Kaena: The Prophecy review by Mike LongGiven the success of the computer generated animated films from Pixar and the (inexplicable) following of Shrek, one must wonder why we aren't seeing a more diverse usage of this new medium, especially in the realm of films for more mature audiences. The only feature-length theatrical release of this nature that we've seen in the U.S. (to the best of my knowledge) was Final Fantasy: The Spirits Within, a movie which featured incredible animation and a story which only gets more confusing with repeat viewings. (Phantom animals...do what now?) We now have the French-made feature-length CG animated film Kaena: The Prophecy, which, like Final Fantasy proves that before you turn on that computer to begin animating, you'd better have a good script.
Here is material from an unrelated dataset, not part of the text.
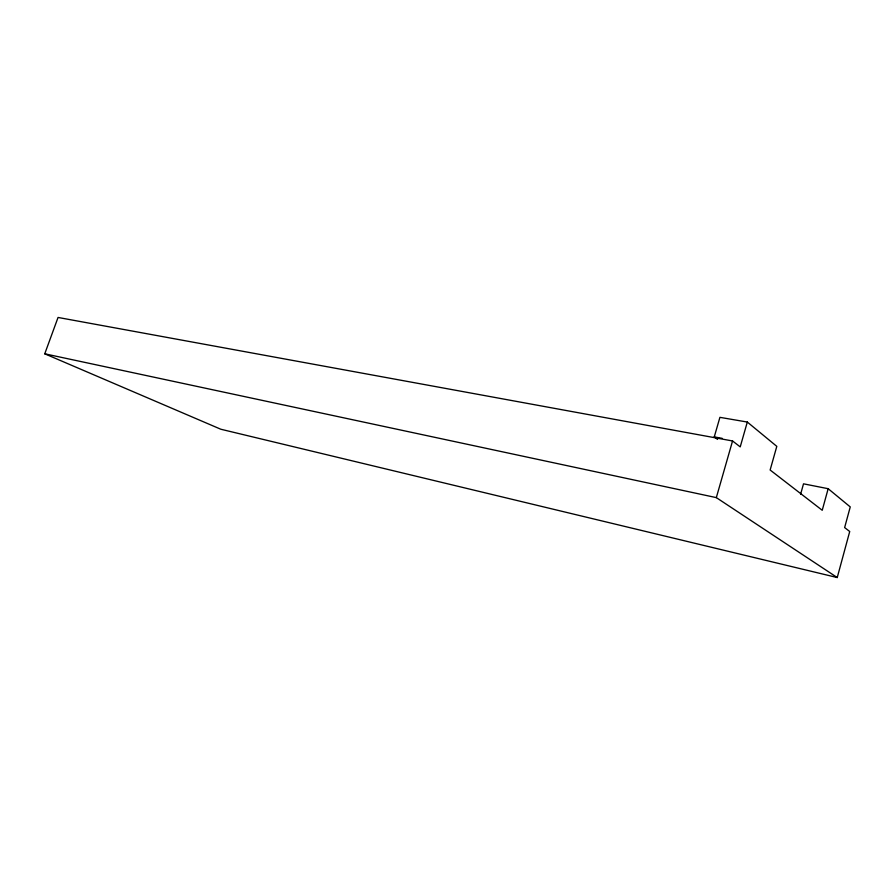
<?xml version="1.0" encoding="UTF-8"?>
<svg xmlns="http://www.w3.org/2000/svg" width="895" height="895" viewBox="0 0 895 895"><rect width="100%" height="100%" fill="white"/><g stroke="black" fill="none" stroke-linecap="round" stroke-linejoin="round"><path stroke-width="1.34" d="M717.566 439.4L714.266 436.905L719.916 417.339L747.314 422.048L740.221 446.885L732.557 440.966L58.052 317.456L44.75 353.805L220.808 429.231L837.239 577.543L849.724 531.507L844.634 527.58L850.25 506.917L828.166 488.704L803.509 483.826L800.6 494.308M828.166 488.704L822.236 510.273L770.136 470.009L776.804 446.359L747.314 422.048M837.239 577.543L716.324 497.62L732.557 440.966M714.266 436.905L722.231 438.36M44.75 353.805L716.324 497.62"/></g></svg>

Kaena: The Prophecy is set on an alien planet, and takes place in a world called Axis, which is basically a giant tree made up a inter-connecting branches. In the midst of Axis is a small village, which is filled with simple and humble humanoid creatures. They worship the "gods" which live at the base (?) of Axis and appease the gods with offerings of tree sap. (Oh wait, there's more.) In the village lives a young woman named Kaena (voiced by Kirsten Dunst), who, although raised by the village high priest (after her parents died), is a rebel and questions the authority of the gods. Kaena loves to explore the outer reaches of Axis and often dreams of a blue sun. It's during one of these explorations that Kaena meets the aliens who live at the top of Axis and learns that her world is in danger of being destroyed.
The worldwide success of The Matrix and The Lord of the Rings trilogies shows that general audiences will accept science-fiction and fantasy when it is well-done. However, no matter how out-there those films got, they were always rooted in the familiar, either through human characters, or familiar storylines. This is where Kaena: The Prophecy will lose many audience members. This is hardcore fantasy with a sci-fi touch that offers many characters that the average viewer will not be able to connect with. This is further confounded by the confusing storyline. I never did quite understand who or what the gods were and the finale didn't make much sense. The film features too many characters, especially characters that we know nothing about. As the story unfolds, it tries to fill in the gaps from the past, but this only serves to make things more confusing. Character development is basically non-existent, and all that we know about Kaena is that she's a head-strong girl whose parents are dead and that she has two big circles on her forehead that look like the one on Gwyneth Paltrow's back. The presence of known actors like Dunst, Richard Harris, Anjelica Huston, and Keith David doesn't really help with the characters.
The botched story makes Kaena: The Prophecy very hard to watch (but easy to fast-forward through!), and that's truly a shame, because the film contains some gorgeous animation. The opening shot, which takes us through an alien spaceship as it explodes, is truly great eye-candy (and the fantastic sound doesn't hurt either). It's clear that the animators put a great deal of work into creating Kaena's world and the details in the setting and the character's faces is impressive. Yet, it's too bad that they chose to make Axis so drab and brown, as it takes away from the overall beauty of the image. Fans of hardcore sci-fi/fantasy may enjoy Kaena: The Prophecy, but everyone else should just wait for The Incredibles (which looks awesome!).
Kaena: The Prophecy jumps onto DVD courtesy of Columbia/Tri-Star Home Entertainment. The film has been letterboxed at 1.85:1 and the transfer is enhanced for 16 x 9 TVs. The image looks perfect, as it shows no grain, distortion, or any sort of defects from the source material. (I don't know if this was a direct digital transfer.) The picture is very sharp and clear, and the colors (once they arrive) look great. The picture has a great sense of depth and this lends itself to the 3-D nature of the animation. The DVD carries an equally good Dolby Digital 5.1 audio track. Once again, that opening shot could easily be a new home theater demo scene, as the subwoofer action and surround sound effects really pull you into the scene. The dialogue and music are clear and there's no hissing or distortion.
The Kaena: The Prophecy contains a few extras. There is a "Virtual Interview" (3 1/2 minutes) with the computer animated Kaena where she answers questions as if she were the actress who played Kaena. The 14-minute "Making of Kaena has comments from the filmmakers and shows a bunch of guys hunched over computers. The trailer for Kaena: The Prophecy is included here, and it's been letterboxed at 1.85:1 and is 16 x 9 enhanced.